Nazarbayev University, School of Science and Technology, Astana Z05H0P9, Kazakhstan.
Sci Data. 2018 May 29;5:180101. doi: 10.1038/sdata.2018.101.
This paper presents a grasping database collected from multiple human subjects for activities of daily living in unstructured environments. The main strength of this database is the use of three different sensing modalities: color images from a head-mounted action camera, distance data from a depth sensor on the dominant arm and upper body kinematic data acquired from an inertial motion capture suit. 3826 grasps were identified in the data collected during 9-hours of experiments. The grasps were grouped according to a hierarchical taxonomy into 35 different grasp types. The database contains information related to each grasp and associated sensor data acquired from the three sensor modalities. We also provide our data annotation software written in Matlab as an open-source tool. The size of the database is 172 GB. We believe this database can be used as a stepping stone to develop big data and machine learning techniques for grasping and manipulation with potential applications in rehabilitation robotics and intelligent automation.

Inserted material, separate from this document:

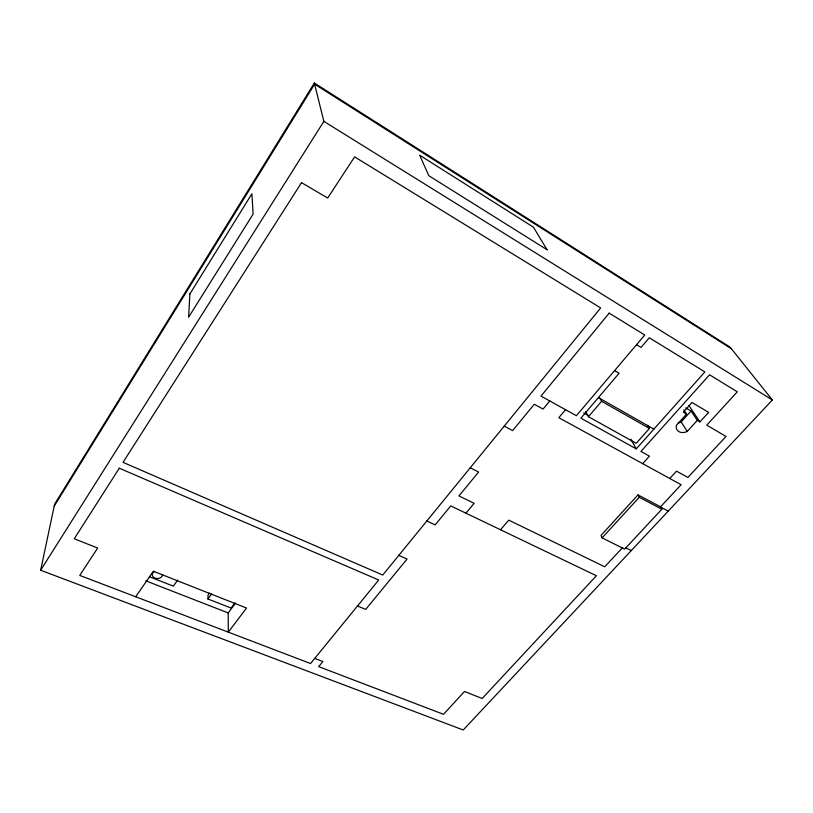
<?xml version="1.0" encoding="UTF-8"?>
<svg xmlns="http://www.w3.org/2000/svg" width="813" height="813" viewBox="0 0 813 813"><rect width="100%" height="100%" fill="white"/><g stroke="black" fill="none" stroke-linecap="round" stroke-linejoin="round"><path stroke-width="1.22" d="M234.754 603.124L231.075 608.053L207.986 598.988L208.047 594.994L209.51 592.992M40.65 570.248L54.603 504.223L314.336 83.017L730.165 347.212L772.35 399.976L463.227 729.983L40.65 570.248L323.859 121.371L314.336 83.017M54.186 506.194L314.621 84.145L731.426 348.787M135.69 596.772L153.352 571.244L246.532 608.043L228.311 632.138L228.189 612.941L235.618 603.002M177.63 580.086L173.362 586.132L149.409 576.742M207.986 598.988L211.644 593.998M549.751 400.961L543.054 409.061L534.293 404.254L512.647 430.605L504.223 426.144M465.94 513.176L474.152 503.318L458.949 495.93L478.603 472.018L470.229 467.81M565.533 409.701L558.816 417.699L681.131 484.711L660.43 506.946L668.256 511.103M647.544 425.28L649.435 428.441L636.223 443.298L588.439 416.713L601.6 401.287L599.882 398.177M500.523 529.761L508.775 520.147L604.74 566.793L622.606 547.596M614.577 370.637L619.079 373.279L580.878 418.197L636.284 448.867L704.881 371.917L649.272 337.771L641.051 347.446L636.538 344.712M683.804 409.915L686.538 414.051L676.487 425.209A8.791 6.646 -29 0 0 678.885 431.632A8.791 6.646 -29 0 0 687.259 431.429L697.31 420.362L691.04 411.012L685.715 407.872M642.687 463.644L649.445 456.154L640.939 451.449L709.546 374.783L737.3 391.815L706.761 425.158L726.029 436.459L687.9 477.444L676.518 471.144L669.76 478.481M678.245 422.943A8.679 6.595 -29.3 0 0 681.152 421.977L691.04 411.012M697.31 420.362L699.942 421.906L708.641 412.374L691.995 402.486L683.306 412.161L686.538 414.051M638.022 494.883L600.99 535.432L602.118 537.871L624.638 549.131L661.853 509.223L660.542 506.834L638.022 494.883L639.282 497.261L661.853 509.223M602.118 537.871L639.282 497.261M314.743 658.388L322.873 661.518L318.666 666.63L443.552 714.312L464.487 691.487L482.17 698.489L596.407 575.746L450.758 505.899L435.168 524.873L426.845 520.981M145.801 580.828L228.189 612.941M357.486 606L365.698 609.404L407.059 559.07L398.787 555.381M625.685 547.799L631.264 550.594M583.724 412.974L588.114 415.413M598.398 397.598L653.876 429.142M601.6 401.287L649.435 428.441M323.859 121.371L772.35 399.976M688.957 405.585L699.942 421.906M681.152 421.977L687.259 431.429M630.868 439.223L636.284 448.867M585.695 411.439L588.439 416.713M162.539 574.527A5.183 3.892 0.5 0 1 154.968 578.114A5.183 3.892 0.5 0 1 154.572 571.387M189.886 293.91L188.596 317.233L253.138 214.043L251.888 193.789L189.886 293.91M119.298 468.207L74.257 538.775L97.662 548.033L79.755 575.421L310.546 663.54L378.706 579.994L119.298 468.207M301.532 182.64L123.037 462.353L382.74 575.045L600.665 307.934L354.62 156.868L327.69 198.037L301.532 182.64M609.171 313.147L540.991 396.114L576.387 415.707L644.76 335.007L609.171 313.147M547.068 249.754L428.817 175.699L419.681 155.192L533.45 227.193L547.068 249.754"/></g></svg>

本文介绍了一个从多个人类受试者在非结构化环境中进行日常活动中采集的抓取数据库。该数据库的主要优势在于使用了三种不同的传感模式:头戴式动作摄像机的彩色图像、主导手臂上深度传感器的距离数据以及惯性运动捕捉服获取的上半身运动学数据。在 9 小时的实验中,共识别了 3826 次抓取。根据层次分类法,这些抓取被分为 35 种不同的抓取类型。该数据库包含与每个抓取相关的信息以及从三种传感器模式获取的相关传感器数据。我们还提供了用 Matlab 编写的开源数据注释软件。数据库的大小为 172GB。我们相信,该数据库可以作为开发大数据和机器学习技术的基础,用于抓取和操作,在康复机器人和智能自动化方面具有潜在的应用。